**Extracted data**
+++++

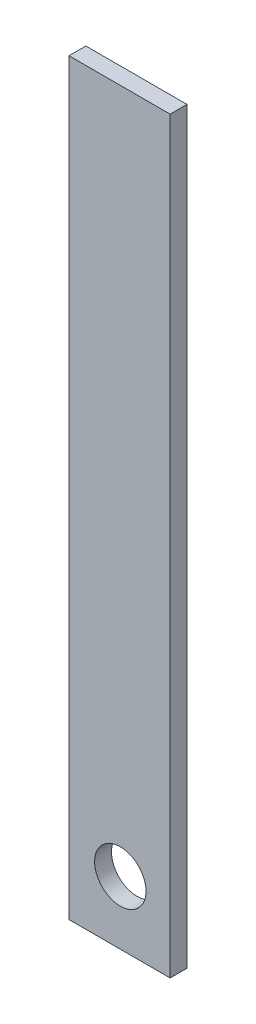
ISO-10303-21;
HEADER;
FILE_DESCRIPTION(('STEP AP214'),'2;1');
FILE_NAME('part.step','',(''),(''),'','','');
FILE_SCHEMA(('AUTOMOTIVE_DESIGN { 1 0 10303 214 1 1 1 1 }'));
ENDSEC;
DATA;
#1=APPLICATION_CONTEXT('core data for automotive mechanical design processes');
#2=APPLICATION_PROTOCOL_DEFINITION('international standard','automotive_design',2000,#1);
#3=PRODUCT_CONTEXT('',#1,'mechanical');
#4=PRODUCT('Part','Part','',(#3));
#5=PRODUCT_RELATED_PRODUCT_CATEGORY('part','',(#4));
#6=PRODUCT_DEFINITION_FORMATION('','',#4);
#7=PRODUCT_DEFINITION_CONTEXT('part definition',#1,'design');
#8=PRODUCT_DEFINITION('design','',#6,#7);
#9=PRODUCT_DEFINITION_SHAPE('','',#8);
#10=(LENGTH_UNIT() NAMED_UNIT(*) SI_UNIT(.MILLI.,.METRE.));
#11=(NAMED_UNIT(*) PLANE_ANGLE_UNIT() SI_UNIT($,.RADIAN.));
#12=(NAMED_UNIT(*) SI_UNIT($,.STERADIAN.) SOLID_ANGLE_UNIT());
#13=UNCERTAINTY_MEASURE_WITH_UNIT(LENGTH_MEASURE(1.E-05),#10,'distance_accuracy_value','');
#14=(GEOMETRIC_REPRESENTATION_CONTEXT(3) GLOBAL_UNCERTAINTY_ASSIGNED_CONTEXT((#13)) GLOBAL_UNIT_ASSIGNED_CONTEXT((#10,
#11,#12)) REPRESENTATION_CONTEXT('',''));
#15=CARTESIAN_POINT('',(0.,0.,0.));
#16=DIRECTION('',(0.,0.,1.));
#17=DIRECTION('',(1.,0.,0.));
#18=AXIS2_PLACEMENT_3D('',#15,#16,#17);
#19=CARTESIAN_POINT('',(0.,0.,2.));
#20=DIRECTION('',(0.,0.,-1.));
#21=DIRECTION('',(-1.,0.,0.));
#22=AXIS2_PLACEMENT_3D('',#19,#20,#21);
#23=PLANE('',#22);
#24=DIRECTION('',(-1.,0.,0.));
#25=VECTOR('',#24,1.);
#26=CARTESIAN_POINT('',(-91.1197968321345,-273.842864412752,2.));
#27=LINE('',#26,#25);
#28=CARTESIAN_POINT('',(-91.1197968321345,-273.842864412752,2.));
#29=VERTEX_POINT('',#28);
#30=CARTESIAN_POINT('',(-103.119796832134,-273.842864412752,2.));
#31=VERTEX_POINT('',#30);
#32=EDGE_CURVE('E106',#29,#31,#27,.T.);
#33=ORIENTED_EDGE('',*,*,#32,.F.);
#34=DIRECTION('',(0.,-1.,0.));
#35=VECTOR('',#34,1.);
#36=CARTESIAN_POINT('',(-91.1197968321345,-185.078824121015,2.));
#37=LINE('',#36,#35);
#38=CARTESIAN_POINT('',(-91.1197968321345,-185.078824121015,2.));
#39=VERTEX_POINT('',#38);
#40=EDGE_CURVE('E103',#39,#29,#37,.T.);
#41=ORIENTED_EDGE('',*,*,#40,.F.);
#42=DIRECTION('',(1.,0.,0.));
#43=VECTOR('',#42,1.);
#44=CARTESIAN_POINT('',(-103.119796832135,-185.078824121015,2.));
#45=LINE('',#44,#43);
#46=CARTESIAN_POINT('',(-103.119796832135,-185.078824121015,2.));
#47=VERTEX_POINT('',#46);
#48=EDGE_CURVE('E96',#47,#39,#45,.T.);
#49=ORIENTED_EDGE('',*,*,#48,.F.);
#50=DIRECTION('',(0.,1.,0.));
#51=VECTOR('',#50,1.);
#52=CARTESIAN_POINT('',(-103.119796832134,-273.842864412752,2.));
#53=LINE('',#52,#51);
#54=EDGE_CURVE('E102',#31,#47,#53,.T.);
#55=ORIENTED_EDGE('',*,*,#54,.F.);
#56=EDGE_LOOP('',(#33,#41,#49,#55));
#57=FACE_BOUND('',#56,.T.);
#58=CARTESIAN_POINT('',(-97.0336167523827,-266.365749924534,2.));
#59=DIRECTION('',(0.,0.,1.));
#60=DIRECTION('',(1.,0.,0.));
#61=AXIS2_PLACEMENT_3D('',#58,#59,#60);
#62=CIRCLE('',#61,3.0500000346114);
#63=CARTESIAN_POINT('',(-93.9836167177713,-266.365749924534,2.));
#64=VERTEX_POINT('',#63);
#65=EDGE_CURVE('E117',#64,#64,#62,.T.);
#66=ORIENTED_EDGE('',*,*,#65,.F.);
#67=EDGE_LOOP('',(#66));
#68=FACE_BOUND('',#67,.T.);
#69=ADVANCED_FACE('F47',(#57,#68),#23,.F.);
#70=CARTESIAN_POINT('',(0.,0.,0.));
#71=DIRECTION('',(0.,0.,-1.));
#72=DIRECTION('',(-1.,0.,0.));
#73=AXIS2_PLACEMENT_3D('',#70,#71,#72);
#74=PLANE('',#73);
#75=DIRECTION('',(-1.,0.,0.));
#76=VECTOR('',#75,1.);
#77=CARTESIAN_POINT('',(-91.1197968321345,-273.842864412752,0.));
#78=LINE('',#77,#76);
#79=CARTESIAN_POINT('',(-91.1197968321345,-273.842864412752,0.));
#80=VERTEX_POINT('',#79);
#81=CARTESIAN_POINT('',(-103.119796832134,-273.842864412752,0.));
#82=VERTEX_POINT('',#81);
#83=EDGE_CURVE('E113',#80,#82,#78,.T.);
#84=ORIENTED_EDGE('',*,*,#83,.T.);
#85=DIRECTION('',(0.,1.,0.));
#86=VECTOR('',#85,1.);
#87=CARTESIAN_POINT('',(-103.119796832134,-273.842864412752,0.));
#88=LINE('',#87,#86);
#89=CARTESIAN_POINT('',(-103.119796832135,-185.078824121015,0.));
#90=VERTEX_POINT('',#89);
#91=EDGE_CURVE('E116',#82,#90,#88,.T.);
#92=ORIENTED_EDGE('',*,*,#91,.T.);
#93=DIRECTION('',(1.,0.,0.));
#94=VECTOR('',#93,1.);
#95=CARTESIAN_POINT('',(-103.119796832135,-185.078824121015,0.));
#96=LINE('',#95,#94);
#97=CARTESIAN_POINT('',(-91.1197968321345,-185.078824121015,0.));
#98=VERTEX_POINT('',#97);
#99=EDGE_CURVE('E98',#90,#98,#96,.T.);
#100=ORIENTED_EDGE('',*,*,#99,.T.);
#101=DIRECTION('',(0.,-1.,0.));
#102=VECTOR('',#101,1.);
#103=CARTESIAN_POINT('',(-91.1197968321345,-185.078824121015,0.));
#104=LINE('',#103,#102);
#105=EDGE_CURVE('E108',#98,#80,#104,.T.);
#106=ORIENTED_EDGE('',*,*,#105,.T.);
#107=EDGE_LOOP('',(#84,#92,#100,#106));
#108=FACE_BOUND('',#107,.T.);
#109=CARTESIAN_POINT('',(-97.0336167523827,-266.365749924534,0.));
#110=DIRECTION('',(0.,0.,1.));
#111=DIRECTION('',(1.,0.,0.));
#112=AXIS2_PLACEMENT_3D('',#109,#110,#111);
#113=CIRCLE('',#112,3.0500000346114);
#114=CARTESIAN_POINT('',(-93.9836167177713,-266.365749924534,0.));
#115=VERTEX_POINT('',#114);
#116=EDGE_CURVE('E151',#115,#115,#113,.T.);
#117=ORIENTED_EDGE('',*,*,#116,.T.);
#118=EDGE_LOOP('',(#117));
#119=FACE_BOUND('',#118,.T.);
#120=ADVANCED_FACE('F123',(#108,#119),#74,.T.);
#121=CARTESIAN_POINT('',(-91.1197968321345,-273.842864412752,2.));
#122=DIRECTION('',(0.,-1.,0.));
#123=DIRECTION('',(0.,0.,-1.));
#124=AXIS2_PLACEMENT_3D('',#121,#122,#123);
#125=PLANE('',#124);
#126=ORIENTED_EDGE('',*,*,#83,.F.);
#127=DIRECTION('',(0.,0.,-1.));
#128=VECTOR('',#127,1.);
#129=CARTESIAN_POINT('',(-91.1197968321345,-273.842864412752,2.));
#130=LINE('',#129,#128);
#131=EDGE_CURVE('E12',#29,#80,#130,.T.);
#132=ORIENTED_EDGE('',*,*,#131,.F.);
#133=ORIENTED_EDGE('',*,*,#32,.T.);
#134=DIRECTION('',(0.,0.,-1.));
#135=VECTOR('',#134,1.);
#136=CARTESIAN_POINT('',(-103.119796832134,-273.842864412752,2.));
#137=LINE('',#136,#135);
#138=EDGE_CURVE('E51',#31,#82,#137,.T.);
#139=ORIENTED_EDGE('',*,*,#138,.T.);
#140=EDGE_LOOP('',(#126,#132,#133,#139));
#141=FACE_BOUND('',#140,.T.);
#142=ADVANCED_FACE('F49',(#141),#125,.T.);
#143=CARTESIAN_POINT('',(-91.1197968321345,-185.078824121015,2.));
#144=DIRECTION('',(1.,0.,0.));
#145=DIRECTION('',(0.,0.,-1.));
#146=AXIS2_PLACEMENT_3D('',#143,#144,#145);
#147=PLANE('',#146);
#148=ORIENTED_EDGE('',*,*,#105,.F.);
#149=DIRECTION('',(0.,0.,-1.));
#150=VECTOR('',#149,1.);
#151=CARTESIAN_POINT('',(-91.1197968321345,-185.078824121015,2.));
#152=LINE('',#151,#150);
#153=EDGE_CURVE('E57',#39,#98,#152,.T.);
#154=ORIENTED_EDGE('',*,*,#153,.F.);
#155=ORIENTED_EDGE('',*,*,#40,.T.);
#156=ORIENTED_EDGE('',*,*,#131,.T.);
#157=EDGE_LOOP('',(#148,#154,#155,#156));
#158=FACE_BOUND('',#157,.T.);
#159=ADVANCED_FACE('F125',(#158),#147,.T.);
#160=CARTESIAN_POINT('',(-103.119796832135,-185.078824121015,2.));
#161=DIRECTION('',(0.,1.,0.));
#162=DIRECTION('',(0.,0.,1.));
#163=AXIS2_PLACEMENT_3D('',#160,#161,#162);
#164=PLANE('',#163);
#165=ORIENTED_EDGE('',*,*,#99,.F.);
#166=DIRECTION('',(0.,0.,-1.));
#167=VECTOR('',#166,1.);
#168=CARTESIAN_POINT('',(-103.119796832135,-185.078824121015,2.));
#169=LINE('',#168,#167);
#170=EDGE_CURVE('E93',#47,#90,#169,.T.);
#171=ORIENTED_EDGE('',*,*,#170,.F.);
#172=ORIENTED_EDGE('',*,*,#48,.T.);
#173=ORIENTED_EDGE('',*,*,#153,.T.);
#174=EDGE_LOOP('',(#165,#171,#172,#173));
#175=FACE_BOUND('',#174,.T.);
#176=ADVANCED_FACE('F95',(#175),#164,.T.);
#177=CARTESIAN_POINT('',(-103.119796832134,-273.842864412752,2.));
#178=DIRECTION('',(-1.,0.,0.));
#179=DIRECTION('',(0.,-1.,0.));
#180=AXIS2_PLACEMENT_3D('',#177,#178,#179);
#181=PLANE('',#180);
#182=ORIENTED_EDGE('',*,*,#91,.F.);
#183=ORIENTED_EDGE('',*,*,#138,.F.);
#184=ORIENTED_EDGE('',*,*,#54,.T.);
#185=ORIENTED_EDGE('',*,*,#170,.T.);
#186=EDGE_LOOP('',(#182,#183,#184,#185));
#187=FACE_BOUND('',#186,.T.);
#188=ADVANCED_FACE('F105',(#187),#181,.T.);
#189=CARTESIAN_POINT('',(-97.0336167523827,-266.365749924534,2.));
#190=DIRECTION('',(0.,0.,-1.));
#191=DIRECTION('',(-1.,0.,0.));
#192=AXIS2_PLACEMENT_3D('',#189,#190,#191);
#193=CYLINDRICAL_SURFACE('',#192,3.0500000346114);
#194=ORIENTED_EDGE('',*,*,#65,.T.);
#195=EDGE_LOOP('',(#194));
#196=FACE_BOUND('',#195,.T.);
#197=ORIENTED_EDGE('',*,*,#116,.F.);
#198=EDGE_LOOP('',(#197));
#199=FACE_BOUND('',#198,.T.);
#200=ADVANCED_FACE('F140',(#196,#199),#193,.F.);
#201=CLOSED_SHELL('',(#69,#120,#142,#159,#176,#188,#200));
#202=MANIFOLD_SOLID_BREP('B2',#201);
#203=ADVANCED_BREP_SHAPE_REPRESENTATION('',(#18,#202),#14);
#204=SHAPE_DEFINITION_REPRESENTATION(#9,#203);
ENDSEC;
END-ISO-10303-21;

+++++

**What the exercise asks**
Nothing but the lines from the first line of the data through the line with "#9=PRODUCT_DEFINITION_SHAPE('','',#8);" belongs in the answer, copied exactly and without pictures.

**Result for this exercise**
ISO-10303-21;
HEADER;
FILE_DESCRIPTION(('STEP AP214'),'2;1');
FILE_NAME('part.step','',(''),(''),'','','');
FILE_SCHEMA(('AUTOMOTIVE_DESIGN { 1 0 10303 214 1 1 1 1 }'));
ENDSEC;
DATA;
#1=APPLICATION_CONTEXT('core data for automotive mechanical design processes');
#2=APPLICATION_PROTOCOL_DEFINITION('international standard','automotive_design',2000,#1);
#3=PRODUCT_CONTEXT('',#1,'mechanical');
#4=PRODUCT('Part','Part','',(#3));
#5=PRODUCT_RELATED_PRODUCT_CATEGORY('part','',(#4));
#6=PRODUCT_DEFINITION_FORMATION('','',#4);
#7=PRODUCT_DEFINITION_CONTEXT('part definition',#1,'design');
#8=PRODUCT_DEFINITION('design','',#6,#7);
#9=PRODUCT_DEFINITION_SHAPE('','',#8);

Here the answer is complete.